- Opening Delimiter -
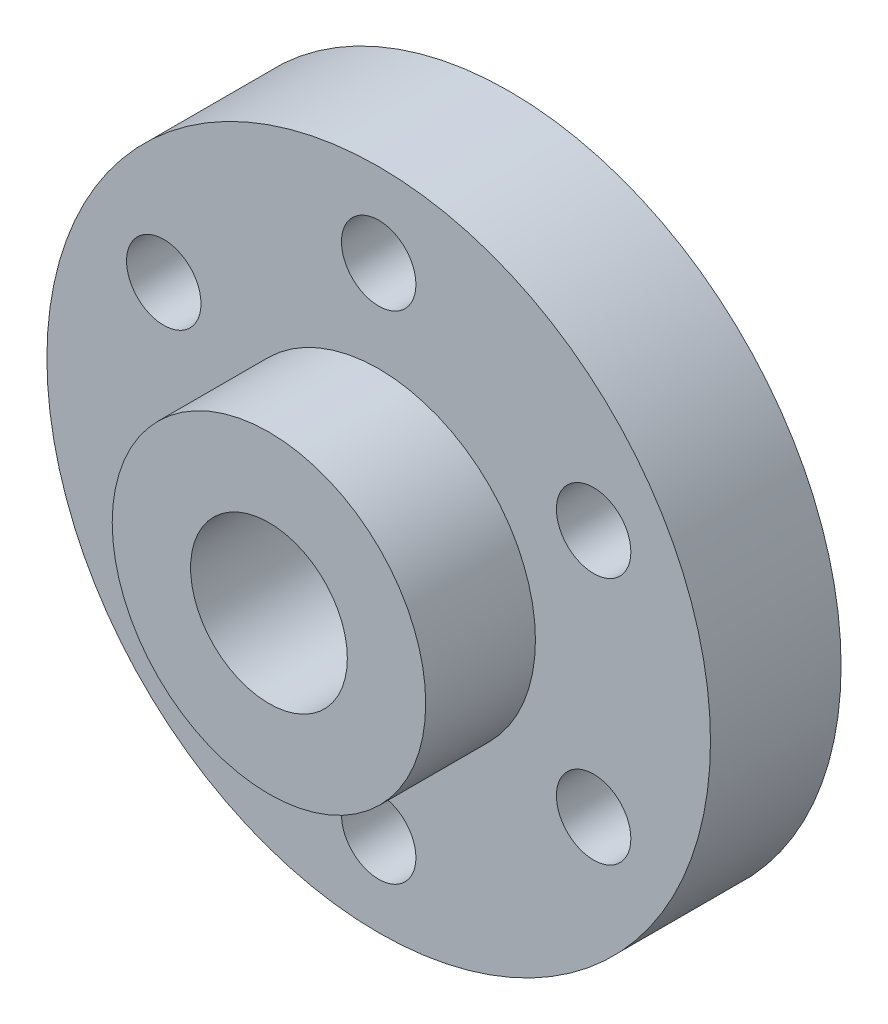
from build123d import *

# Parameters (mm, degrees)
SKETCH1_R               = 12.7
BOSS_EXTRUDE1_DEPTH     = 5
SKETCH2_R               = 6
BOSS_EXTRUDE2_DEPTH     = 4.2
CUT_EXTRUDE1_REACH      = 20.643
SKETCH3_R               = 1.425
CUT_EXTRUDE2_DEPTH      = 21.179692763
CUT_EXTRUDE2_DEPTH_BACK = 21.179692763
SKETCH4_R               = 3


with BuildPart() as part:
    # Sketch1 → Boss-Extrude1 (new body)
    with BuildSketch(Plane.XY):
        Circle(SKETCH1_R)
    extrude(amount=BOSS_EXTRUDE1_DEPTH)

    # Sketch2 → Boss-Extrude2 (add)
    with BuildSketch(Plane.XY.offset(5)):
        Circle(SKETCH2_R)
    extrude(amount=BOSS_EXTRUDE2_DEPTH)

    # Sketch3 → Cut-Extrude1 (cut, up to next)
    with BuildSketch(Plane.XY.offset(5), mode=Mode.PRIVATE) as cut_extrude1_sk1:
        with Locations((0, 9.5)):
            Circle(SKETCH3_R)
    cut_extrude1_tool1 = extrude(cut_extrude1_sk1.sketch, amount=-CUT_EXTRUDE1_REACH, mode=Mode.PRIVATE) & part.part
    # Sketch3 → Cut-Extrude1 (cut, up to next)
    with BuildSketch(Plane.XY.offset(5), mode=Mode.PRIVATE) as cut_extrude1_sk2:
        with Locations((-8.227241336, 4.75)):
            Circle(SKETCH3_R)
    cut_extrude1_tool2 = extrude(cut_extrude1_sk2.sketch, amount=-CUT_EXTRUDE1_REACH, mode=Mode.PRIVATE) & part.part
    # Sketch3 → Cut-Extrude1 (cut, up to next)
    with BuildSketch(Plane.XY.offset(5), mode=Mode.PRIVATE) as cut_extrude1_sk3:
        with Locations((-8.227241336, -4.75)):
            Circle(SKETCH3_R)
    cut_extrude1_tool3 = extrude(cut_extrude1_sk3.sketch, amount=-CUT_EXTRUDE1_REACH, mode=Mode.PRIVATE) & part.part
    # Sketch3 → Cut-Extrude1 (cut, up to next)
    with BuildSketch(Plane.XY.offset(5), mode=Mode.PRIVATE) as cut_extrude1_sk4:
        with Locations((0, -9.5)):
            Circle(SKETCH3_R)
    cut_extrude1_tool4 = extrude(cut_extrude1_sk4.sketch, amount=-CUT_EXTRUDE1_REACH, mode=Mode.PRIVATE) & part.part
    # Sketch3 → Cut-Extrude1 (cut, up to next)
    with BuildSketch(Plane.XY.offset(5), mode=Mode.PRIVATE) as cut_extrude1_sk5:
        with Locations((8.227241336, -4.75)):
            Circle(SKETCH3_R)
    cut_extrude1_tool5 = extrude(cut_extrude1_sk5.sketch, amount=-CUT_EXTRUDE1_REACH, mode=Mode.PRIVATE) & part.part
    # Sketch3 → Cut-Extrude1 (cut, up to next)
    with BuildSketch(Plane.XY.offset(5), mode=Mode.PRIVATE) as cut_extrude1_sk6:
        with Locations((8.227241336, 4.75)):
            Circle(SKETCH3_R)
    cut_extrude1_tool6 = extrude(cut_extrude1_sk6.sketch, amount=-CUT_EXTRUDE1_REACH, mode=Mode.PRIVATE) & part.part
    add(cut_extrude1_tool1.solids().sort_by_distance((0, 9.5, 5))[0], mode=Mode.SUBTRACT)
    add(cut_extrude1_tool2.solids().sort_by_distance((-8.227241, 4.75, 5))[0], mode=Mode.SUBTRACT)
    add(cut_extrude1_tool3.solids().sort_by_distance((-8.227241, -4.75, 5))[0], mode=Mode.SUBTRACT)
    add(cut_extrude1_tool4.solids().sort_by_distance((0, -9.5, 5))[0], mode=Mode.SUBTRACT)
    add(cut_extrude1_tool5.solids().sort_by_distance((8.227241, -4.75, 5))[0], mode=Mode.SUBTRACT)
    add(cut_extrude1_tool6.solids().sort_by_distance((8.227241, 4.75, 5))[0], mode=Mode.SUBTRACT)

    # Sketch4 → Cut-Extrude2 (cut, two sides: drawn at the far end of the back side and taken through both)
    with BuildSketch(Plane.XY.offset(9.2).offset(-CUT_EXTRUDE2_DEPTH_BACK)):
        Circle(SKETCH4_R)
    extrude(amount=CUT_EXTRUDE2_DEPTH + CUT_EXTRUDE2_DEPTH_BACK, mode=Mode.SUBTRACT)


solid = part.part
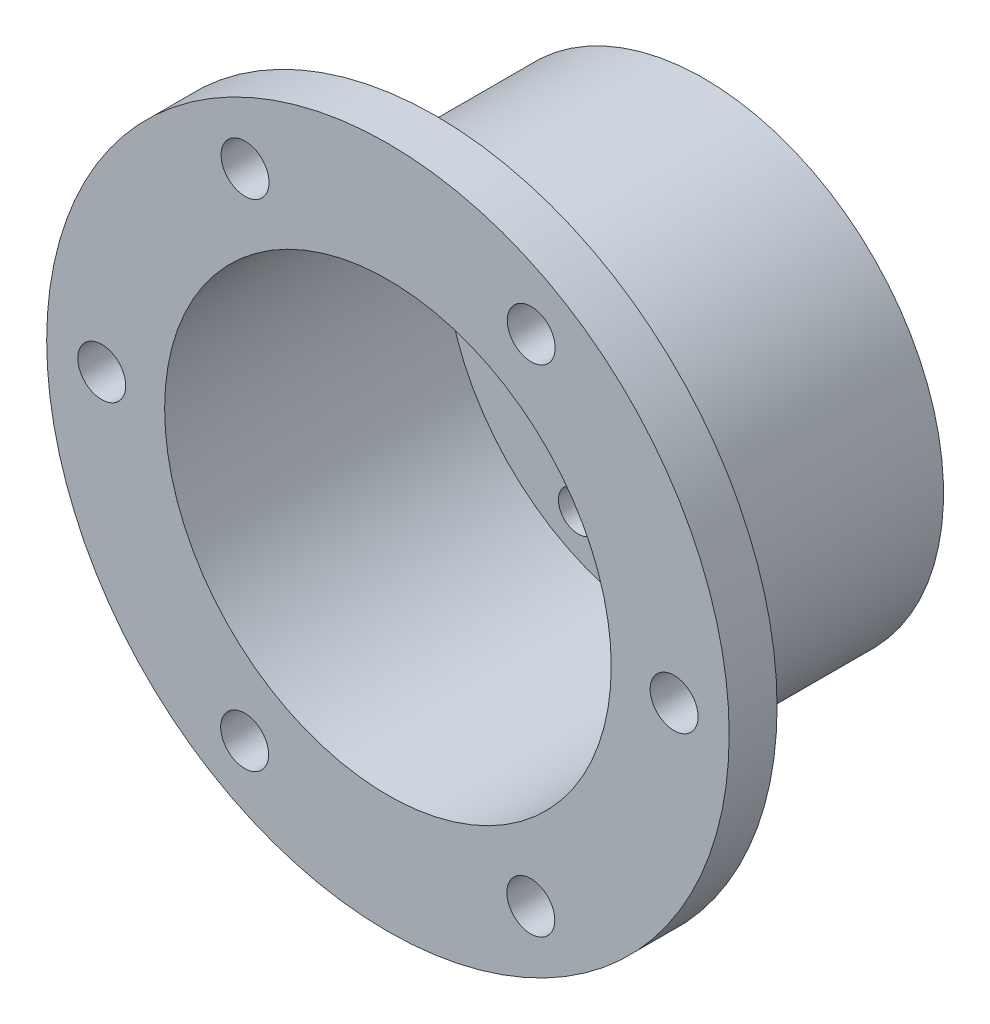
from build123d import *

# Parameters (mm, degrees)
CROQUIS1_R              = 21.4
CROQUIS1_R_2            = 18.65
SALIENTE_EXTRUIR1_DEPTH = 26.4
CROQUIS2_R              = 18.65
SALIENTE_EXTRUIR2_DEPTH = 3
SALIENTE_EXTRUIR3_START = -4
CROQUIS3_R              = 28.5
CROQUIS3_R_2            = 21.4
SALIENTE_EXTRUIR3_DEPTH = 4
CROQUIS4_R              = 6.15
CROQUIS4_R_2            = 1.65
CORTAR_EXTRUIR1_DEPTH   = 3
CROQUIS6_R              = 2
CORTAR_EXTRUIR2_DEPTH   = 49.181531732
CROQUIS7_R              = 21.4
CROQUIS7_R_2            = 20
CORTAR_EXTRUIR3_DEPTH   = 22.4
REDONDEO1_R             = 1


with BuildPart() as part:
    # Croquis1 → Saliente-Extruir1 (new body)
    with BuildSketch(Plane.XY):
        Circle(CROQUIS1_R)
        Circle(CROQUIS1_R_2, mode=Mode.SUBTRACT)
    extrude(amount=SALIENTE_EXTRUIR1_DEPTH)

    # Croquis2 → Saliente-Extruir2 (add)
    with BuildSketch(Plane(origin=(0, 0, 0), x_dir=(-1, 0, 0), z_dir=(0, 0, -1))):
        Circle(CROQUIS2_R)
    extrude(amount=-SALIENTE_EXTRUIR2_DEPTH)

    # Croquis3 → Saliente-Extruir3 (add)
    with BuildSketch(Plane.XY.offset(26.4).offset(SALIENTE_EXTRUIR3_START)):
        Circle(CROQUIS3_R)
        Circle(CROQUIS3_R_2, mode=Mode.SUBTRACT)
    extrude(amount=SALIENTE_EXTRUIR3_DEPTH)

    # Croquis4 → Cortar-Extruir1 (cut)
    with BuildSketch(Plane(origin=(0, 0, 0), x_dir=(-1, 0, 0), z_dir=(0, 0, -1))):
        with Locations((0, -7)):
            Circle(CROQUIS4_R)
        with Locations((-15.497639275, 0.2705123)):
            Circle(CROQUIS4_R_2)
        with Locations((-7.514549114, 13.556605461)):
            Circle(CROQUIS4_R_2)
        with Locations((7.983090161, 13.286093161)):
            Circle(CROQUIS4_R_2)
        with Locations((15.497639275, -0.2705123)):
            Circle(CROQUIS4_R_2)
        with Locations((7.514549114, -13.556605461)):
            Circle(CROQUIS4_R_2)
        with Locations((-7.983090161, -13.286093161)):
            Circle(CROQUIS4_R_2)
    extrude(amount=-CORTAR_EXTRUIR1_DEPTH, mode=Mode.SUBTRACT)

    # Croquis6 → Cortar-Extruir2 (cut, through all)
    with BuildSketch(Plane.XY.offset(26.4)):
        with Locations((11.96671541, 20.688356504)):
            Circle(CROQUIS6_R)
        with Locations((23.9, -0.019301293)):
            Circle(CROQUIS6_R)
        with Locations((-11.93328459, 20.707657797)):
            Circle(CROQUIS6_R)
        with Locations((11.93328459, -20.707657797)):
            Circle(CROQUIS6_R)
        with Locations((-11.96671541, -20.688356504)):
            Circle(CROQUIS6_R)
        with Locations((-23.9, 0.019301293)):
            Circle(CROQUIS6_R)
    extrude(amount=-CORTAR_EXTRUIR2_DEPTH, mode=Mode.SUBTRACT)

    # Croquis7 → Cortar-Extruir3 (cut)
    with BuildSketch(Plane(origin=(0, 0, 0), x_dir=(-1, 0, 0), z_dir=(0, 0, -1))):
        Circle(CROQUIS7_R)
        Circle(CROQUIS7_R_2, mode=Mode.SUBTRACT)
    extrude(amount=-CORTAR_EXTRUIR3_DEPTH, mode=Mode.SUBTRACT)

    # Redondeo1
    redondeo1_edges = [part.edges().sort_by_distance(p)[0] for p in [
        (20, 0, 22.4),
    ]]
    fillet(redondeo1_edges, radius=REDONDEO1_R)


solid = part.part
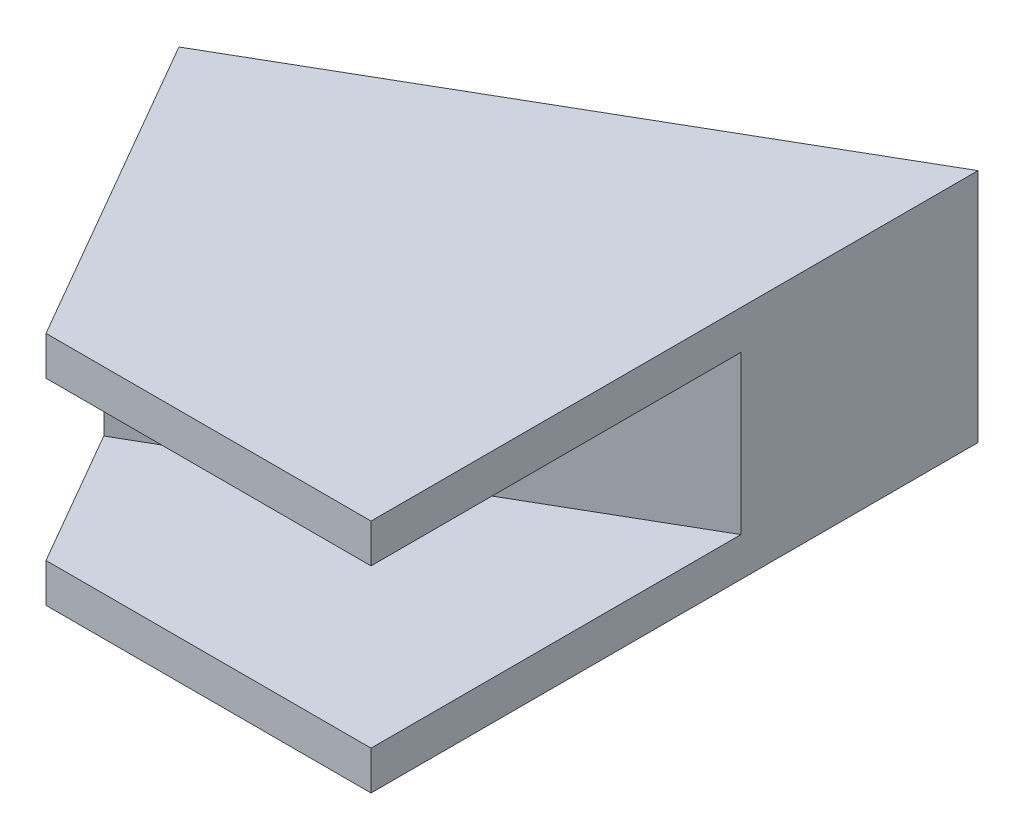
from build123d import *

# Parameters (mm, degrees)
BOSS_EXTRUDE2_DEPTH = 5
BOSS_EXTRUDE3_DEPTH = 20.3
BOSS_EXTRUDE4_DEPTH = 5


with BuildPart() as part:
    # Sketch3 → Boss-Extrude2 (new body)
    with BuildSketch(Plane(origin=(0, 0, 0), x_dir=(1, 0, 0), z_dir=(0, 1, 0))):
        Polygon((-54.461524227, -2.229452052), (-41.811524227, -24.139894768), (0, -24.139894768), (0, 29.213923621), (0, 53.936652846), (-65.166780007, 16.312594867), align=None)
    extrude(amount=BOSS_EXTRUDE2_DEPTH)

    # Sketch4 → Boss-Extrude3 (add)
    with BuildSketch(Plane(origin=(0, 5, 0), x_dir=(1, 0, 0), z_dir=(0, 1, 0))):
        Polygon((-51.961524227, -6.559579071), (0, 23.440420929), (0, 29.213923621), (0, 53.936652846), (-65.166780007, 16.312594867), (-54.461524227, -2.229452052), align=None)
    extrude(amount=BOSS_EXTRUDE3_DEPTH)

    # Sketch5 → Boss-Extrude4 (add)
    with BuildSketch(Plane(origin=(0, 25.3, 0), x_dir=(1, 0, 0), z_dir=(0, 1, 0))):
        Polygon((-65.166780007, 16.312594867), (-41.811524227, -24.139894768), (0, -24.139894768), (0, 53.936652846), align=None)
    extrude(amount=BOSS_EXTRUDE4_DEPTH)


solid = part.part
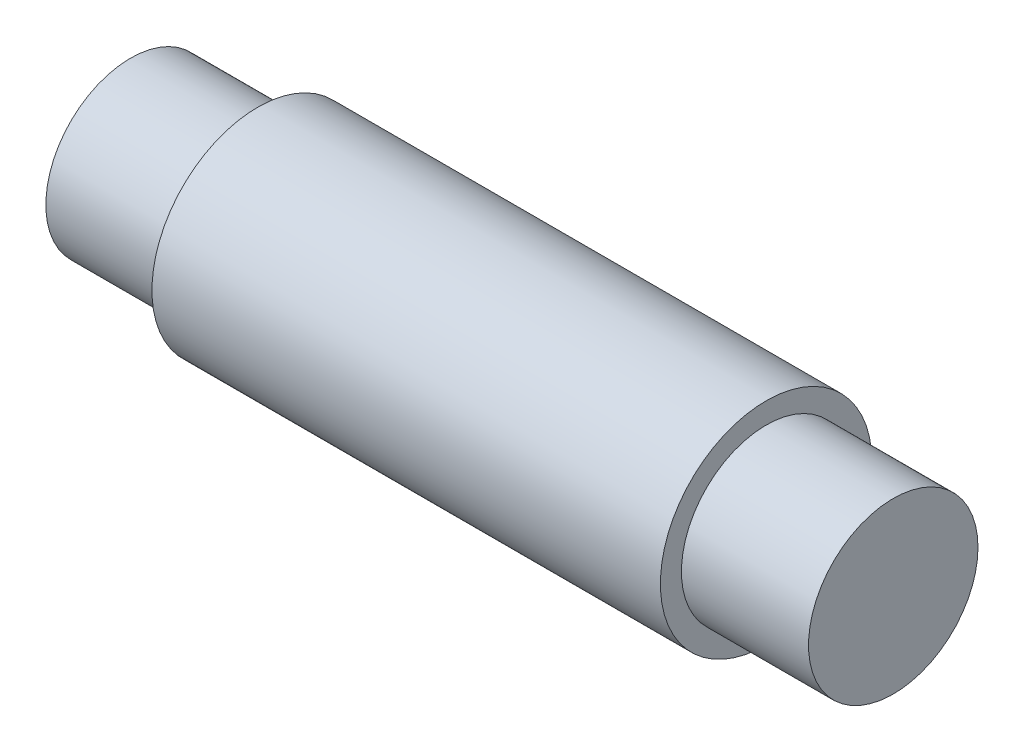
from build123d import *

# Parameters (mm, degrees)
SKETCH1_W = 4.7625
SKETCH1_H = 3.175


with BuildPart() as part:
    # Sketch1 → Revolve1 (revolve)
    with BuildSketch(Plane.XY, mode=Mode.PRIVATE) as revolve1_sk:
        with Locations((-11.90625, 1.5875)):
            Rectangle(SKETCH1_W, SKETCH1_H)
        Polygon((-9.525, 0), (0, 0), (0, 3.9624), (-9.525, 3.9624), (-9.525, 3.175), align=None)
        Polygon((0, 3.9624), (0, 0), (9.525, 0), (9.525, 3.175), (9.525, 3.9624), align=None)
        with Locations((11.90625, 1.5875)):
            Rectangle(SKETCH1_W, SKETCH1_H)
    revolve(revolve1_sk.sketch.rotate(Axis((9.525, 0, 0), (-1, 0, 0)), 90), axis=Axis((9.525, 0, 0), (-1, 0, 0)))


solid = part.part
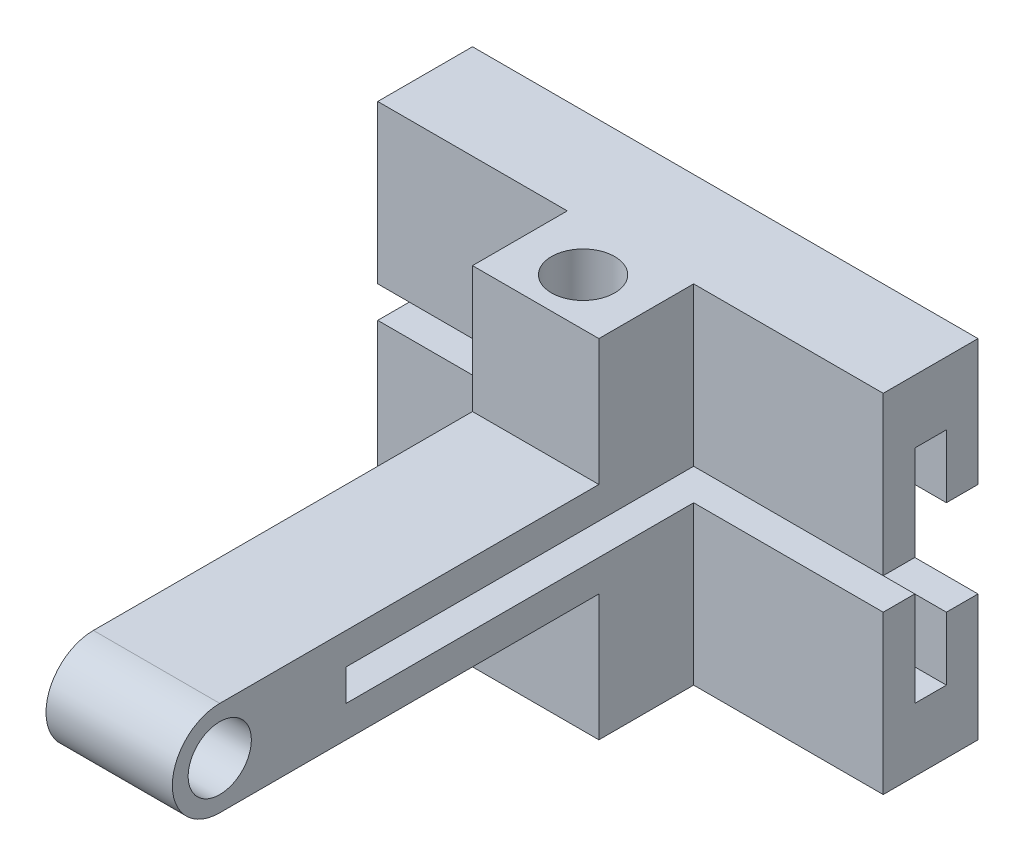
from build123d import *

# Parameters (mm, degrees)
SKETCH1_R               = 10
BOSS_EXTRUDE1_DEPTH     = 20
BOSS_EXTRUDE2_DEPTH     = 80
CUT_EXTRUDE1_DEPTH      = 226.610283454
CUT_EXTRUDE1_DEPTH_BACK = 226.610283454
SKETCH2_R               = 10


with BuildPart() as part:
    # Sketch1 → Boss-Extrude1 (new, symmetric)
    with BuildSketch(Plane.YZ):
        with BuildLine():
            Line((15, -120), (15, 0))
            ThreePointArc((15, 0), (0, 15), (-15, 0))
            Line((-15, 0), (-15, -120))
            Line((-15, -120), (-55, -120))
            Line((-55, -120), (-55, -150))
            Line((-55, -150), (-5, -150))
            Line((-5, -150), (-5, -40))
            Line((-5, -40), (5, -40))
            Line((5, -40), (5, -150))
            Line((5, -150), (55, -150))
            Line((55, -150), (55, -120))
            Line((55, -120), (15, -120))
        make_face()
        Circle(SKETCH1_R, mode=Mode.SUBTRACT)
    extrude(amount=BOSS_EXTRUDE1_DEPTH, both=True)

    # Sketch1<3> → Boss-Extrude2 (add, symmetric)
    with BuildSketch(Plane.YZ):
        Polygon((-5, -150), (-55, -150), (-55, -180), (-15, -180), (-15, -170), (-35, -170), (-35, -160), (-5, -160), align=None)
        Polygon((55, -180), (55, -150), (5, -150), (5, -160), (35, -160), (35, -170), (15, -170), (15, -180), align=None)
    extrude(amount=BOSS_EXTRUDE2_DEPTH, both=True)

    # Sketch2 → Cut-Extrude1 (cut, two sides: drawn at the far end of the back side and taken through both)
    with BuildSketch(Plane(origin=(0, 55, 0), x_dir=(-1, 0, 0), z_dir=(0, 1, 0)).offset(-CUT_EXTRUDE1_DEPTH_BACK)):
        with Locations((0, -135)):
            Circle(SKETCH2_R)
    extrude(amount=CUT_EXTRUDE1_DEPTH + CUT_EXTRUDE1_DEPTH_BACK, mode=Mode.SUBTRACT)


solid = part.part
- Closing Delimiter -
#### [Work to be completed]
Filter the entries above and return only the lines holding "drawn".

#### [Task result]
    # Sketch4 → Cut-Extrude2 (cut, two sides: drawn at the far end of the back side and taken through both)
    # Sketch2 → Cut-Extrude1 (cut, two sides: drawn at the far end of the back side and taken through both)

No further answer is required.